|Re: [eigen] Eigen 2 to Eigen 3 performance regressions with mapped matrices|
[ Thread Index |
| More lists.tuxfamily.org/eigen Archives
- To: eigen@xxxxxxxxxxxxxxxxxxx
- Subject: Re: [eigen] Eigen 2 to Eigen 3 performance regressions with mapped matrices
- From: Gael Guennebaud <gael.guennebaud@xxxxxxxxx>
- Date: Thu, 12 Jan 2012 08:42:53 +0100
- Cc: Sameer Agarwal <sameeragarwal@xxxxxxxxxx>, tucker@xxxxxxxxxx
- Dkim-signature: v=1; a=rsa-sha256; c=relaxed/relaxed; d=gmail.com; s=gamma; h=mime-version:in-reply-to:references:from:date:message-id:subject:to :cc:content-type; bh=AJQ4WzKVHH3hYORM0gmtw3/aQENCT4RiNb+6bgLEgrY=; b=yAij/LFfoYnVunzip7i2KGnT4UWjK3/fGKNRFFIYS4LT6zwPC31KtTSDh7PqbZ1SaZ DPOLsv3mn5rD7vG9AEXrYnjAMYUf/8sl+afe6J0qim6U9nNUioEuY283/8vVTYapYDS+ pB3ycoJwjRX2ixH5qu+lbxGdiqQa+/XYgY9y4=
well first you should really use 1 instead of Dynamic for the vectors
such that gemv like operations are called (instead of gemm like).
Then, the main difference with Eigen2, is that we don't check anymore
the sizes at runtime to fallback to a naive product implementation if
the objects are too small. Again, you can still enforce the naive
product with .lazyProduct if you know that's best for you.

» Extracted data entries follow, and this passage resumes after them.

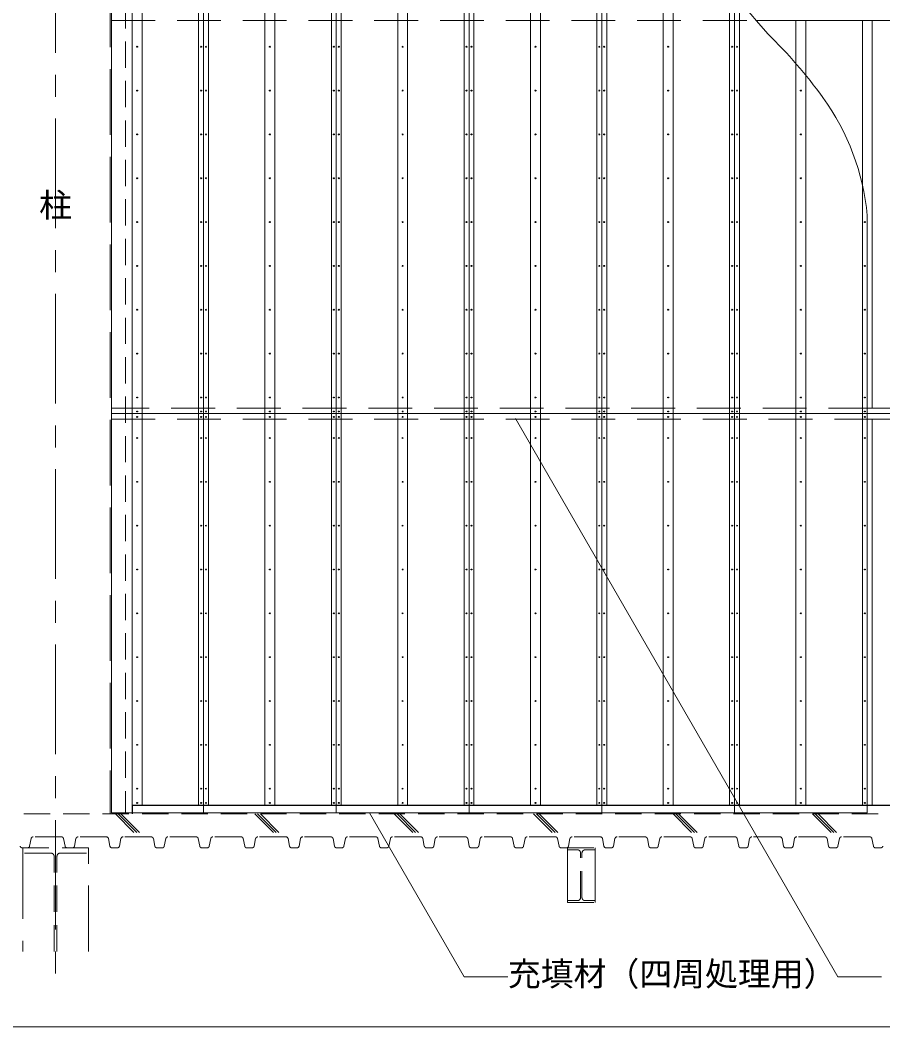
# Model space of a CAD drawing. Units: millimetres on the paper, enlarged 120 times, with parts at other scales. Extents: x -23400 to 38824, y -71984 to 16500.
# Drawn here: x -15377 to -10651, y 244 to 5756 of the extents above; entities that cross this region are included whole.
import ezdxf
from ezdxf.enums import TextEntityAlignment as Align

# ---------------------------------------------------------------- set-up
doc = ezdxf.new("R2010")
doc.units = ezdxf.units.MM
doc.header["$LTSCALE"] = 120
for name, pattern in [('CHAIN1', [8, 5, -1, 1, -1]), ('DASHED1', [1.8, 1.2, -0.6]), ('DASHED2', [3, 2, -1]), ('DASHED3', [4, 3, -1])]:
    doc.linetypes.add(name, pattern=pattern)
for name, color, linetype, lineweight in [('A-0_中心線', 4, 'CHAIN1', 9), ('A-2_スタッド', 3, 'Continuous', 18), ('A-3_ランナー', 2, 'Continuous', 25), ('A-6_文字・矢印', 7, 'Continuous', 18), ('A-9_躯体他', 4, 'DASHED1', 9), ('A-B_補強金具・金具・その他', 3, 'Continuous', 18), ('A-C_ビス・アンカーボルト・強調図形', 2, 'Continuous', 25), ('A-D_パネル', 4, 'Continuous', 9), ('F-3_ランナー', 4, 'Continuous', 9)]:
    doc.layers.add(name, color=color, linetype=linetype, lineweight=lineweight)
doc.styles.add('ＭＳ ゴシック', font='')
doc.styles.get('ＭＳ ゴシック').set_extended_font_data('MS Gothic')

msp = doc.modelspace()

# ---------------------------------------------------------------- linework, layer by layer
at = {"layer": 'A-0_中心線'}
msp.add_line((-15183.3, 10016.5), (-15183.3, 520), dxfattribs=at)
at = {"layer": 'A-2_スタッド'}
for p, q in [((-14763.3, 1458.1), (-14763.3, 8771.4)), ((-14709.3, 1458.1), (-14709.3, 8772.4)), ((-14399.7, 1458.1), (-14399.7, 8778.1)), ((-14345.7, 1458.1), (-14345.7, 8779.1)), ((-14036.1, 1458.1), (-14036.1, 8784.8)), ((-13982.1, 1458.1), (-13982.1, 8785.8)), ((-13672.5, 1458.1), (-13672.5, 8791.5)), ((-13618.5, 1458.1), (-13618.5, 8792.5)), ((-13308.9, 1458.1), (-13308.9, 8798.3)), ((-13254.9, 1458.1), (-13254.9, 8799.3)), ((-12945.3, 1458.1), (-12945.3, 8805)), ((-12891.3, 1458.1), (-12891.3, 8806)), ((-12581.7, 1458.1), (-12581.7, 7938.1)), ((-12527.7, 1458.1), (-12527.7, 7938.1)), ((-12218.1, 1458.1), (-12218.1, 7938.1)), ((-12164.1, 1458.1), (-12164.1, 7938.1)), ((-11854.5, 1458.1), (-11854.5, 7938.1)), ((-11800.5, 1458.1), (-11800.5, 7938.1)), ((-11490.9, 1458.1), (-11490.9, 7938.1)), ((-11436.9, 1458.1), (-11436.9, 7938.1)), ((-11127.3, 1458.1), (-11127.3, 5754.1)), ((-11073.3, 1458.1), (-11073.3, 5754.1)), ((-10763.7, 1458.1), (-10763.7, 5754.1)), ((-10709.7, 3631.3), (-10709.7, 5754.1)), ((-10709.7, 1458.1), (-10709.7, 3571.3))]:
    msp.add_line(p, q, dxfattribs=at)
at = {"layer": 'A-3_ランナー'}
for q in [(-7215.5, 1458.1), (-14763.3, 1410.1)]:
    msp.add_line((-14763.3, 1458.1), q, dxfattribs=at)
at = {"layer": 'A-6_文字・矢印'}
for points in [[(-10658.7, 518.7), (-10898.7, 518.7), (-12663.2, 3574.9)], [(-12705.6, 518.7), (-12945.6, 518.7), (-13463.7, 1416.1)]]:
    msp.add_lwpolyline(points, dxfattribs=at)
at = {"layer": 'A-9_躯体他'}
for p, q in [((-14799.3, 8878.8), (-14799.3, 1410.1)), ((-16653.3, 1410.1), (-7215.5, 1410.1)), ((-14855.4, 1410.1), (-14729.4, 1284.1)), ((-14840.1, 1410.1), (-14714.1, 1284.1)), ((-14824.9, 1410.1), (-14698.9, 1284.1)), ((-14091.7, 1410.1), (-13965.7, 1284.1)), ((-14076.5, 1410.1), (-13950.5, 1284.1)), ((-14061.2, 1410.1), (-13935.2, 1284.1)), ((-13328.1, 1410.1), (-13202.1, 1284.1)), ((-13312.8, 1410.1), (-13186.8, 1284.1)), ((-13297.5, 1410.1), (-13171.5, 1284.1)), ((-12564.4, 1410.1), (-12438.4, 1284.1)), ((-12549.1, 1410.1), (-12423.1, 1284.1)), ((-12533.8, 1410.1), (-12407.8, 1284.1)), ((-11800.7, 1410.1), (-11674.7, 1284.1)), ((-11785.4, 1410.1), (-11659.4, 1284.1)), ((-11770.2, 1410.1), (-11644.2, 1284.1)), ((-11037, 1410.1), (-10911, 1284.1)), ((-11021.8, 1410.1), (-10895.8, 1284.1)), ((-11006.5, 1410.1), (-10880.5, 1284.1)), ((-15317.3, 1274.4), (-15325.4, 1233.7)), ((-15151.2, 1284.1), (-15305.5, 1284.1)), ((-15131.3, 1233.7), (-15139.4, 1274.4)), ((-15071.3, 1274.4), (-15079.4, 1233.7)), ((-14905.2, 1284.1), (-15059.5, 1284.1)), ((-14885.3, 1233.7), (-14893.4, 1274.4)), ((-14825.3, 1274.4), (-14833.4, 1233.7)), ((-14659.2, 1284.1), (-14813.5, 1284.1)), ((-14639.3, 1233.7), (-14647.4, 1274.4)), ((-14579.3, 1274.4), (-14587.4, 1233.7)), ((-14413.2, 1284.1), (-14567.5, 1284.1)), ((-14393.3, 1233.7), (-14401.4, 1274.4)), ((-14333.3, 1274.4), (-14341.4, 1233.7)), ((-14167.2, 1284.1), (-14321.5, 1284.1)), ((-14147.3, 1233.7), (-14155.4, 1274.4)), ((-14087.3, 1274.4), (-14095.4, 1233.7)), ((-13921.2, 1284.1), (-14075.5, 1284.1)), ((-13901.3, 1233.7), (-13909.4, 1274.4)), ((-13841.3, 1274.4), (-13849.4, 1233.7)), ((-13675.2, 1284.1), (-13829.5, 1284.1)), ((-13655.3, 1233.7), (-13663.4, 1274.4)), ((-13595.3, 1274.4), (-13603.4, 1233.7)), ((-13429.2, 1284.1), (-13583.5, 1284.1)), ((-13409.3, 1233.7), (-13417.4, 1274.4)), ((-13349.3, 1274.4), (-13357.4, 1233.7)), ((-13183.2, 1284.1), (-13337.5, 1284.1)), ((-13163.3, 1233.7), (-13171.4, 1274.4)), ((-13103.3, 1274.4), (-13111.4, 1233.7)), ((-12937.2, 1284.1), (-13091.5, 1284.1)), ((-12917.3, 1233.7), (-12925.4, 1274.4)), ((-12857.3, 1274.4), (-12865.4, 1233.7)), ((-12691.2, 1284.1), (-12845.5, 1284.1)), ((-12671.3, 1233.7), (-12679.4, 1274.4)), ((-12611.3, 1274.4), (-12619.4, 1233.7)), ((-12445.2, 1284.1), (-12599.5, 1284.1)), ((-12425.3, 1233.7), (-12433.4, 1274.4)), ((-12365.3, 1274.4), (-12373.4, 1233.7)), ((-12199.2, 1284.1), (-12353.5, 1284.1)), ((-12179.3, 1233.7), (-12187.4, 1274.4)), ((-12119.3, 1274.4), (-12127.4, 1233.7)), ((-11953.2, 1284.1), (-12107.5, 1284.1)), ((-11933.3, 1233.7), (-11941.4, 1274.4)), ((-11873.3, 1274.4), (-11881.4, 1233.7)), ((-11707.2, 1284.1), (-11861.5, 1284.1)), ((-11687.3, 1233.7), (-11695.4, 1274.4)), ((-11627.3, 1274.4), (-11635.4, 1233.7)), ((-11461.2, 1284.1), (-11615.5, 1284.1)), ((-11441.3, 1233.7), (-11449.4, 1274.4)), ((-11381.3, 1274.4), (-11389.4, 1233.7)), ((-11215.2, 1284.1), (-11369.5, 1284.1)), ((-11195.3, 1233.7), (-11203.4, 1274.4)), ((-11135.3, 1274.4), (-11143.4, 1233.7)), ((-10969.2, 1284.1), (-11123.5, 1284.1)), ((-10949.3, 1233.7), (-10957.4, 1274.4)), ((-10889.3, 1274.4), (-10897.4, 1233.7)), ((-10723.2, 1284.1), (-10877.5, 1284.1)), ((-10703.3, 1233.7), (-10711.4, 1274.4)), ((-15365.5, 1224.1), (-15337.2, 1224.1)), ((-15363.3, 1224.1), (-15003.3, 1224.1)), ((-15363.3, 1224.1), (-15363.3, 1195.3)), ((-15091.2, 1224.1), (-15119.5, 1224.1)), ((-15003.3, 1224.1), (-15003.3, 1195.3)), ((-14873.5, 1224.1), (-14859.3, 1224.1)), ((-14845.2, 1224.1), (-14859.3, 1224.1)), ((-14599.2, 1224.1), (-14627.5, 1224.1)), ((-14353.2, 1224.1), (-14381.5, 1224.1)), ((-14135.5, 1224.1), (-14121.3, 1224.1)), ((-14107.2, 1224.1), (-14121.3, 1224.1)), ((-13861.2, 1224.1), (-13889.5, 1224.1)), ((-13615.2, 1224.1), (-13643.5, 1224.1)), ((-13397.5, 1224.1), (-13383.3, 1224.1)), ((-13369.2, 1224.1), (-13383.3, 1224.1)), ((-13123.2, 1224.1), (-13151.5, 1224.1)), ((-12877.2, 1224.1), (-12905.5, 1224.1)), ((-12659.5, 1224.1), (-12645.3, 1224.1)), ((-12631.2, 1224.1), (-12645.3, 1224.1)), ((-12385.2, 1224.1), (-12413.5, 1224.1)), ((-12378.3, 1224.1), (-12378.3, 1213.3)), ((-12378.3, 1224.1), (-12228.3, 1224.1)), ((-12324.9, 1213.3), (-12378.3, 1213.3)), ((-12281.7, 1213.3), (-12228.3, 1213.3)), ((-12228.3, 1224.1), (-12228.3, 1213.3)), ((-12139.2, 1224.1), (-12167.5, 1224.1)), ((-11921.5, 1224.1), (-11907.3, 1224.1)), ((-11893.2, 1224.1), (-11907.3, 1224.1)), ((-11647.2, 1224.1), (-11675.5, 1224.1)), ((-11401.2, 1224.1), (-11429.5, 1224.1)), ((-11183.5, 1224.1), (-11169.3, 1224.1)), ((-11155.2, 1224.1), (-11169.3, 1224.1)), ((-10909.2, 1224.1), (-10937.5, 1224.1)), ((-10663.2, 1224.1), (-10691.5, 1224.1)), ((-15209.1, 1195.3), (-15363.3, 1195.3)), ((-15191.1, 657), (-15191.1, 1177.3)), ((-15175.5, 657), (-15175.5, 1177.3)), ((-15157.5, 1195.3), (-15003.3, 1195.3)), ((-12306.9, 952.9), (-12306.9, 1195.3)), ((-12299.7, 952.9), (-12299.7, 1195.3)), ((-12324.9, 934.9), (-12378.3, 934.9)), ((-12378.3, 934.9), (-12378.3, 924.1)), ((-12378.3, 924.1), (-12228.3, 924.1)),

That said, I still plan to add such runtime tests to pick the right
algorithm. I think there is still room for designing even better
product algorithms for such small matrices and vectors. However I
observed the performance of a "naive" product algorithm depends a lot
on the architecture and compiler for small objects, so the choice of
the thresholds is rather difficult.
I'll add an entry in our bug tracker.
On Wed, Jan 11, 2012 at 4:58 AM, Keir Mierle <mierle@xxxxxxxxx> wrote:
> I've attached a microbenchmark that is similar in spirit to what we are
> doing with Eigen, that illustrates slowdown from Eigen 2 to Eigen 3. In
> particular, the benchmark does y += A*x, for A, x, y mapped unaligned
> dynamic but small dimension matrices. It could be that I have not chosen
> appropriate compiler flags. I am seeing performance 2x to 3x worse. Take a
> look at the header comments in the attached benchmark for more numbers.